# Top three Boswell blends



## Aquinas (Mar 30, 2010)

What are your top three favorite boswell blends. I have heard good things about them and want to order a few.


----------



## ComicalFerret (Feb 10, 2010)

I want to know also!


----------



## garydh2000 (Dec 22, 2008)

They blend mostly aromatics. Here are my favorites:

Berry Cobler
Boswell's Best
Christmas Cookie


----------



## Variables (Dec 2, 2009)

Out of the six of seven I have sampled, Northwoods and Christmas Cookie are the only ones I keep around.


----------



## indigosmoke (Sep 1, 2009)

I finally ordered some samples from Boswell's to try. I just got them today, so I have nothing yet to report but I'll soon be sampling Berry Cobbler, Apple Strudel, Xmas Cookie, Dutch Treat, Sweet & Mild, and Magnum Blend. I'll be giving them a try over the next few days.


----------



## Aquinas (Mar 30, 2010)

Indigosmoke,
Enjoy and I would love to hear what you think.


----------



## owaindav (Mar 7, 2010)

I'm going to have to look into Boswell. Some of those sound tasty. I don't know if it translates to tobacco but I'm still in the "try everything" mode.


----------



## WWhermit (Nov 30, 2008)

Bear Blend
Northwoods
Boswell's Best

WWhermit
ipe:


----------



## dmkerr (Oct 27, 2008)

1) Northwoods... a full latakia mixture without the overkill.
2) Christmas Cookie... I used to work at a B&M and I sold and sampled hundreds of different aromatics - I've found nothing like this one.
3) Boswell's Best - Somehow they took something very much like Lane's 1Q and dried it to a point I could never get it to and made it about as perfect as I think it could possibly be. It's still moist but none of the moisture drips into the bowl. I still can't figure out how they did it.


----------



## indigosmoke (Sep 1, 2009)

Well, I tried Xmas Cookie last night. The tobacco is a very fine shag type cut of mostly medium and dark colors. The pouch aroma came to me mostly as vanilla, with hints of nutmeg or maybe cinnamon. It actually reminded me of Dan's Sweet Vanilla Honeydew, although it is more subtle and nuanced and less overpowering that SVH. However, unlike SVH, I found this tobacco smoked cool with no tongue bite no matter how hard I pushed it. I did not taste the aromatic flavors, but the side stream smoke wraps you in a cloud of Christmasy goodness. I was unable to extract much tobacco flavor, unlike others who have reviewed this blend. The room note was excellent. If you like the smell of sugar cookies baking you are sure to enjoy it.
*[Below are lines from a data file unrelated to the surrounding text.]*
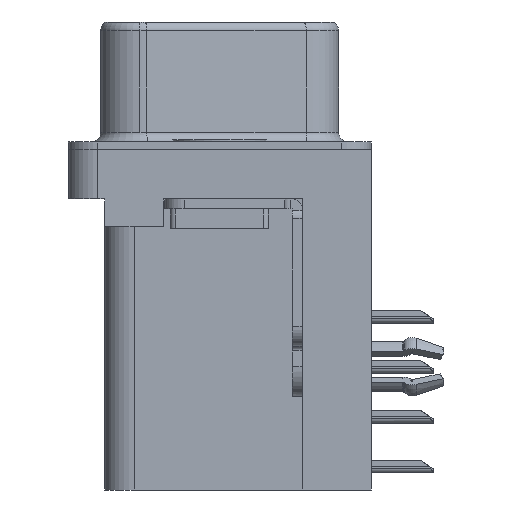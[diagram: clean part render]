
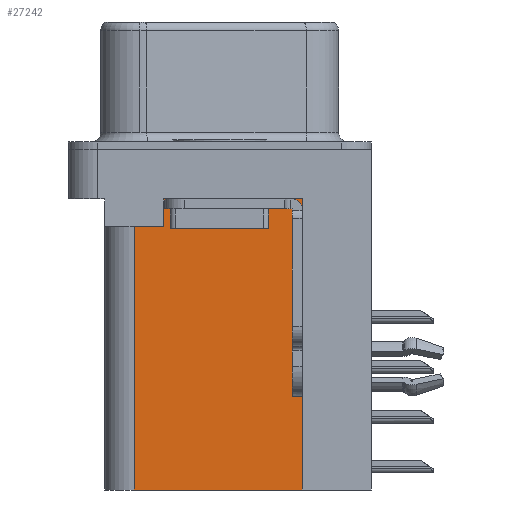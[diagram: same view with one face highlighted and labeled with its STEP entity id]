
A CAD part, left-side view. The second image highlights one B-rep face of the part: STEP entity #27242.
In plain terms, the highlighted planar face has unit normal (-1, 0, 0).
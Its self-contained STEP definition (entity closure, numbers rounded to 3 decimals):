
#917 = CARTESIAN_POINT ( 'NONE',  ( 3.75, 2.85, -3.9 ) ) ;
#992 = DIRECTION ( 'NONE',  ( 0., 0., 1. ) ) ;
#2089 = EDGE_LOOP ( 'NONE', ( #21287, #21496, #35466, #11131, #2478, #25494 ) ) ;
#2478 = ORIENTED_EDGE ( 'NONE', *, *, #13966, .F. ) ;
#2836 = LINE ( 'NONE', #13657, #27015 ) ;
#5754 = CARTESIAN_POINT ( 'NONE',  ( 3.75, -4.2, -17.3 ) ) ;
#8157 = AXIS2_PLACEMENT_3D ( 'NONE', #34400, #28235, #9418 ) ;
#8463 = LINE ( 'NONE', #917, #24210 ) ;
#8544 = CARTESIAN_POINT ( 'NONE',  ( 3.75, 2.85, -3.9 ) ) ;
#9418 = DIRECTION ( 'NONE',  ( 0., 1., 0. ) ) ;
#10021 = VECTOR ( 'NONE', #21922, 1000. ) ;
#10803 = LINE ( 'NONE', #23233, #26509 ) ;
#11131 = ORIENTED_EDGE ( 'NONE', *, *, #39225, .F. ) ;
#12440 = VECTOR ( 'NONE', #37191, 1000. ) ;
#13657 = CARTESIAN_POINT ( 'NONE',  ( 3.75, -4.2, -2.5 ) ) ;
#13966 = EDGE_CURVE ( 'NONE', #33331, #39360, #21404, .T. ) ;
#14105 = VERTEX_POINT ( 'NONE', #16083 ) ;
#15141 = CARTESIAN_POINT ( 'NONE',  ( 3.75, -4.2, -17.3 ) ) ;
#15238 = CARTESIAN_POINT ( 'NONE',  ( 3.75, 4.35, -17.3 ) ) ;
#15375 = CARTESIAN_POINT ( 'NONE',  ( 3.75, 4.35, -3.9 ) ) ;
#16072 = EDGE_CURVE ( 'NONE', #14105, #16285, #8463, .T. ) ;
#16083 = CARTESIAN_POINT ( 'NONE',  ( 3.75, 2.85, -2.5 ) ) ;
#16285 = VERTEX_POINT ( 'NONE', #8544 ) ;
#16862 = CARTESIAN_POINT ( 'NONE',  ( 3.75, -4.2, -2.5 ) ) ;
#16879 = DIRECTION ( 'NONE',  ( 0., 0., -1. ) ) ;
#17761 = VERTEX_POINT ( 'NONE', #15375 ) ;
#18754 = CARTESIAN_POINT ( 'NONE',  ( 3.75, 0., -3.9 ) ) ;
#19395 = LINE ( 'NONE', #18754, #10021 ) ;
#21287 = ORIENTED_EDGE ( 'NONE', *, *, #33098, .T. ) ;
#21404 = LINE ( 'NONE', #15141, #30684 ) ;
#21496 = ORIENTED_EDGE ( 'NONE', *, *, #16072, .T. ) ;
#21922 = DIRECTION ( 'NONE',  ( 0., 1., 0. ) ) ;
#21964 = PLANE ( 'NONE',  #8157 ) ;
#22127 = FACE_OUTER_BOUND ( 'NONE', #2089, .T. ) ;
#23233 = CARTESIAN_POINT ( 'NONE',  ( 3.75, -4.2, -17.3 ) ) ;
#24189 = EDGE_CURVE ( 'NONE', #16285, #17761, #19395, .T. ) ;
#24210 = VECTOR ( 'NONE', #16879, 1000. ) ;
#25196 = CARTESIAN_POINT ( 'NONE',  ( 3.75, 4.35, -17.3 ) ) ;
#25494 = ORIENTED_EDGE ( 'NONE', *, *, #33604, .T. ) ;
#26509 = VECTOR ( 'NONE', #992, 1000. ) ;
#27015 = VECTOR ( 'NONE', #29391, 1000. ) ;
#27242 = ADVANCED_FACE ( 'NONE', ( #22127 ), #21964, .F. ) ;
#28235 = DIRECTION ( 'NONE',  ( 1., 0., 0. ) ) ;
#29391 = DIRECTION ( 'NONE',  ( 0., 1., 0. ) ) ;
#30684 = VECTOR ( 'NONE', #34007, 1000. ) ;
#31092 = LINE ( 'NONE', #15238, #12440 ) ;
#33098 = EDGE_CURVE ( 'NONE', #39573, #14105, #2836, .T. ) ;
#33331 = VERTEX_POINT ( 'NONE', #5754 ) ;
#33604 = EDGE_CURVE ( 'NONE', #33331, #39573, #10803, .T. ) ;
#34007 = DIRECTION ( 'NONE',  ( 0., 1., 0. ) ) ;
#34400 = CARTESIAN_POINT ( 'NONE',  ( 3.75, -4.2, -17.3 ) ) ;
#35466 = ORIENTED_EDGE ( 'NONE', *, *, #24189, .T. ) ;
#37191 = DIRECTION ( 'NONE',  ( 0., 0., 1. ) ) ;
#39225 = EDGE_CURVE ( 'NONE', #39360, #17761, #31092, .T. ) ;
#39360 = VERTEX_POINT ( 'NONE', #25196 ) ;
#39573 = VERTEX_POINT ( 'NONE', #16862 ) ;

Overall I can see why fans of aromatics enjoy these blends. Delicious pouch and room note, cool smoking, and no bite. Those who prefer light aromatics where the tobacco flavor interplays with the topping might prefer to look elsewhere for blends like TOI Galway.


----------



## dmkerr (Oct 27, 2008)

Overly mild tobaccos need to be "snorked" (if that's the proper term). Exhaling through the nose brings out more of the flavor. I'm currently finishing up a tin of a very mild tobacco and my review will state that if you don't exhale it through your nose, you shouldn't waste your time with it.

But I think you nailed the essence of Xmas Cookie to a tee. Just try the snorking thing and I think you'll find a bit more flavor to be had.


----------



## indigosmoke (Sep 1, 2009)

dmkerr said:


> Overly mild tobaccos need to be "snorked" (if that's the proper term). Exhaling through the nose brings out more of the flavor. I'm currently finishing up a tin of a very mild tobacco and my review will state that if you don't exhale it through your nose, you shouldn't waste your time with it.
> 
> But I think you nailed the essence of Xmas Cookie to a tee. Just try the snorking thing and I think you'll find a bit more flavor to be had.


I've never tried that. I'll give it a shot the next time I smoke a bowl.


----------



## phatmax (Mar 18, 2009)

I got their Cherry Smash, Chocolate Cream, No Bite Delite, and Berry Cobbler, along with a Christmas Cookie sample.

They are all good, the No Bite is very nice.


----------



## dmkerr (Oct 27, 2008)

indigosmoke said:


> I've never tried that. I'll give it a shot the next time I smoke a bowl.


Just follow the hottie's lead....


----------



## Alpedhuez55 (Dec 16, 2005)

*Northwoods* is a great latakia Blend.
*Classic English *is good, but not sure if he stilll blends it.
*Sweet Tea* is a great aromatic that actually tastes like sweet tea. Need to order some for those summer nights on the porch with a cold glass of tea!!!

I have heard great things about Christmas Cookie but have not tried it.


----------



## Aquinas (Mar 30, 2010)

Thanks for the reccomendations. I ordered some Northwoods, berry cobbler, christmas cookie, and sweet tea. I will let you know what i think.


----------



## indigosmoke (Sep 1, 2009)

dmkerr said:


> Overly mild tobaccos need to be "snorked" (if that's the proper term). Exhaling through the nose brings out more of the flavor.


Just wanted to post a little update on this technique. I've started "snorking" and it really does make a difference. It's opened up several blends to me and I highly recommend it. I was reminded of this post as I was watching a documentary on wine tasting and the expert recommended that the tasters exhale through their noses immediately after swallowing or spitting out the wine. She noted that there were nuances of flavor that could only be detected that way because of sense receptors in the back of the mouth and nasal passages. I wonder if this is the same effect as we experience with snorking tobaccos?


----------